When the national DNA Advisory Board selected the gene markers, or DNA sequences which have a known location on a chromosome, for CODIS, they deliberately chose not to include markers associated with ancestral geographic origins to avoid any political maelstrom.

...

William C. Thompson, Chair of the Department of Criminology, Law & Society at UC Irvine is a prominent expert on the use of DNA in criminal trials but was only marginally familiar with this technology.
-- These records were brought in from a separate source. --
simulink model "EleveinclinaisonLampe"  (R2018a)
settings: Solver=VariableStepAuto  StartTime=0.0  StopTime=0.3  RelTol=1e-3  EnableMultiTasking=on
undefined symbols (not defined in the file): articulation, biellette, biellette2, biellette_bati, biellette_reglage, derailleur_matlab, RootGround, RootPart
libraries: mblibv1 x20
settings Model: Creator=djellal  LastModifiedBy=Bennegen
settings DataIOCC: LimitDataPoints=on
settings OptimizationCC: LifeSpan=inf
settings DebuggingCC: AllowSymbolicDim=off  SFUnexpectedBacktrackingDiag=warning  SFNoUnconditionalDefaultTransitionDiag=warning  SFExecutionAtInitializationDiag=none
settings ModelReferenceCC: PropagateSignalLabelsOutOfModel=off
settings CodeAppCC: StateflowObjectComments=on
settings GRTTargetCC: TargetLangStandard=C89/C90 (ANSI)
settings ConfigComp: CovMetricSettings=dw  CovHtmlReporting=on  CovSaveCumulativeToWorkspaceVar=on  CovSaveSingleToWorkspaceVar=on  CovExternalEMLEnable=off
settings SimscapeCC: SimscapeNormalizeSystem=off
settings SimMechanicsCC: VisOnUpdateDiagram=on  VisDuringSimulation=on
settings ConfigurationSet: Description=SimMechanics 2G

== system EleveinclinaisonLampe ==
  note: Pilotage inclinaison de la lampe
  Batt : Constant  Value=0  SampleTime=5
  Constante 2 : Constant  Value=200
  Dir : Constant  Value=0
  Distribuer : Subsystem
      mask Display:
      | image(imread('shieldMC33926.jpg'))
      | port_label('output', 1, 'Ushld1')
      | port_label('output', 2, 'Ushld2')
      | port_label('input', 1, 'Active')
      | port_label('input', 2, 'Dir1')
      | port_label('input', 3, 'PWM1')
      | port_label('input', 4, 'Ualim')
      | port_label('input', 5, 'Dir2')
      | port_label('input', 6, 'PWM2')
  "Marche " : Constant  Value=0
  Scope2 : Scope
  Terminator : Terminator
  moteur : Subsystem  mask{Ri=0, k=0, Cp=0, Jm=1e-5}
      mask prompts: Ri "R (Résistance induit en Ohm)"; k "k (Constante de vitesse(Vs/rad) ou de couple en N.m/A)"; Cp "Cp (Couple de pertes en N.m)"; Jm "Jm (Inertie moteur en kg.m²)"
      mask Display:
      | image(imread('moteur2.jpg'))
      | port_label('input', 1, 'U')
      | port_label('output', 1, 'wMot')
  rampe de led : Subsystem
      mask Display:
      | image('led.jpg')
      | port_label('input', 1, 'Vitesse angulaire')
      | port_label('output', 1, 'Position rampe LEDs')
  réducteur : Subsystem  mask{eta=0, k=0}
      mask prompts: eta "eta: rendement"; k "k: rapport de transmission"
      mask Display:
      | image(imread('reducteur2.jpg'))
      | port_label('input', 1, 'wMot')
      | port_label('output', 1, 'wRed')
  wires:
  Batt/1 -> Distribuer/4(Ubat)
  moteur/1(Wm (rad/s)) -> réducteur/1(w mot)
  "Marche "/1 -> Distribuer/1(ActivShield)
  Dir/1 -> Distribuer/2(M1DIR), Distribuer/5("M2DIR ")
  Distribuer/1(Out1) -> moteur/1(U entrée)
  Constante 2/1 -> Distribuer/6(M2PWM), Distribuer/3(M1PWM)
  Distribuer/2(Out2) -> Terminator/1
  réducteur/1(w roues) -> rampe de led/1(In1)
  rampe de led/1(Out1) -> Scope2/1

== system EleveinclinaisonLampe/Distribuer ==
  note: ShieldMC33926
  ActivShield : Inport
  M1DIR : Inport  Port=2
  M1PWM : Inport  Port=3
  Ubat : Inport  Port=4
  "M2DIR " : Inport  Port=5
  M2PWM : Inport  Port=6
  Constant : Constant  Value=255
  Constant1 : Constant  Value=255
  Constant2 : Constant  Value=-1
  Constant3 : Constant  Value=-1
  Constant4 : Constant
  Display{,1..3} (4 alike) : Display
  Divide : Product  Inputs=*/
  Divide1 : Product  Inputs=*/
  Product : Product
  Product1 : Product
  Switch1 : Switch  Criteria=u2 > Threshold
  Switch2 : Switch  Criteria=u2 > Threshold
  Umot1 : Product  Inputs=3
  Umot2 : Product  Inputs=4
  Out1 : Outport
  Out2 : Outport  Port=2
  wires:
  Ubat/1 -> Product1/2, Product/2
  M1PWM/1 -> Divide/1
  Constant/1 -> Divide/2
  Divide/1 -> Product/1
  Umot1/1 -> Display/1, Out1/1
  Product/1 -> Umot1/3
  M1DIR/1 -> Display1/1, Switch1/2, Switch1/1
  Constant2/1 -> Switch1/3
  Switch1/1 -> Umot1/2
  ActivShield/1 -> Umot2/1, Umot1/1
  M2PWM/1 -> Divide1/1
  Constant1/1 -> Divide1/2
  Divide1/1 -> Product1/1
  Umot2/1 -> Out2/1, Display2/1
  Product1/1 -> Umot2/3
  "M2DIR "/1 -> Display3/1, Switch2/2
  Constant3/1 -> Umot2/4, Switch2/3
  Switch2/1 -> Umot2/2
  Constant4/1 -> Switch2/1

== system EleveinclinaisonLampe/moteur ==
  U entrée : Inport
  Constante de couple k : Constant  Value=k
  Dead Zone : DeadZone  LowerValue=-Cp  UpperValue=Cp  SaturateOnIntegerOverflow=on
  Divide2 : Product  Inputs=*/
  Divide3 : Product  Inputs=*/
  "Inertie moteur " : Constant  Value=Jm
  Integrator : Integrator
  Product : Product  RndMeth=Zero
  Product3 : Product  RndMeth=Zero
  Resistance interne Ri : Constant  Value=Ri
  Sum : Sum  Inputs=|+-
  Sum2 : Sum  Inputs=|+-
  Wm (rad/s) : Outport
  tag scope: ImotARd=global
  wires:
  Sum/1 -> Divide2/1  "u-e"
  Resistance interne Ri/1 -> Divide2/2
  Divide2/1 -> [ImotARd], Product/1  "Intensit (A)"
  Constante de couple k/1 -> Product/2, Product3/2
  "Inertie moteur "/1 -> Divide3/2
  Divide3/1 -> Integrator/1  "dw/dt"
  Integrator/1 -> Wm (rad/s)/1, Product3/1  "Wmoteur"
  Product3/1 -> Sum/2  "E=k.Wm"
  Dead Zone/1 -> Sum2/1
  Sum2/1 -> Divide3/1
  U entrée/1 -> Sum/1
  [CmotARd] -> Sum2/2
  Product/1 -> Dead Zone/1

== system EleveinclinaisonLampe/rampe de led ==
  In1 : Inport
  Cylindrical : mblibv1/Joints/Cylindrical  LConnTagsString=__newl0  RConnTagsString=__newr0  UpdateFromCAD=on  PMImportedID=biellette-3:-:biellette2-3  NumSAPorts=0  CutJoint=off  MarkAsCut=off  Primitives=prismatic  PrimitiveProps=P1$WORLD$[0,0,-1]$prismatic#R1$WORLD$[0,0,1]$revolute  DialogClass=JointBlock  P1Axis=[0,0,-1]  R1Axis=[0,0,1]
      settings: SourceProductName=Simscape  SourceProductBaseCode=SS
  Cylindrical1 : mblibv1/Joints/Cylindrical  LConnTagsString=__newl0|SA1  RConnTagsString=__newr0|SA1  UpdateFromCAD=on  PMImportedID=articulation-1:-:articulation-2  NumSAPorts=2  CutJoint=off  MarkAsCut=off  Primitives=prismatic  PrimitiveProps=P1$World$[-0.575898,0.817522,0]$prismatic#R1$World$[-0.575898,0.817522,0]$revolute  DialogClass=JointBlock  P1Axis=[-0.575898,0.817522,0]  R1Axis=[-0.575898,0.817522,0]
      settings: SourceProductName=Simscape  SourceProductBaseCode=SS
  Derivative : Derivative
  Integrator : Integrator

When I tried to describe how it works, he literally screamed at me, calling Frudakis a hack and a charlatan who obviously did not understand statistics.

...

But even the people one might think should be his biggest allies aren't supporting that, including Tony Clayton, the special prosecutor who tried one of the Baton Rouge murder cases. Clayton, who is black, admits that he initially dismissed Frudakis as some white guy trying to substantiate his racist views. He no longer believes that and says "had it not been for Frudakis, we would still be looking for the white guy in the white pick-up truck." But then he adds, "We've been taught that we're all the same, that we bleed the same blood. If you subscribe to the (Frudakis) theory, you're saying we are inherently unequal."

He continues: "If I could push a button and make this technology disappear, I would."

Lord help us with these morons in charge. Weak, emotional fools.

8 posted on 11/02/2007 1:38:25 PM PDT by M203M4 (The Tancredo, Thompson, and Hunter wing of the party - preventing the Rs from Whigging out.)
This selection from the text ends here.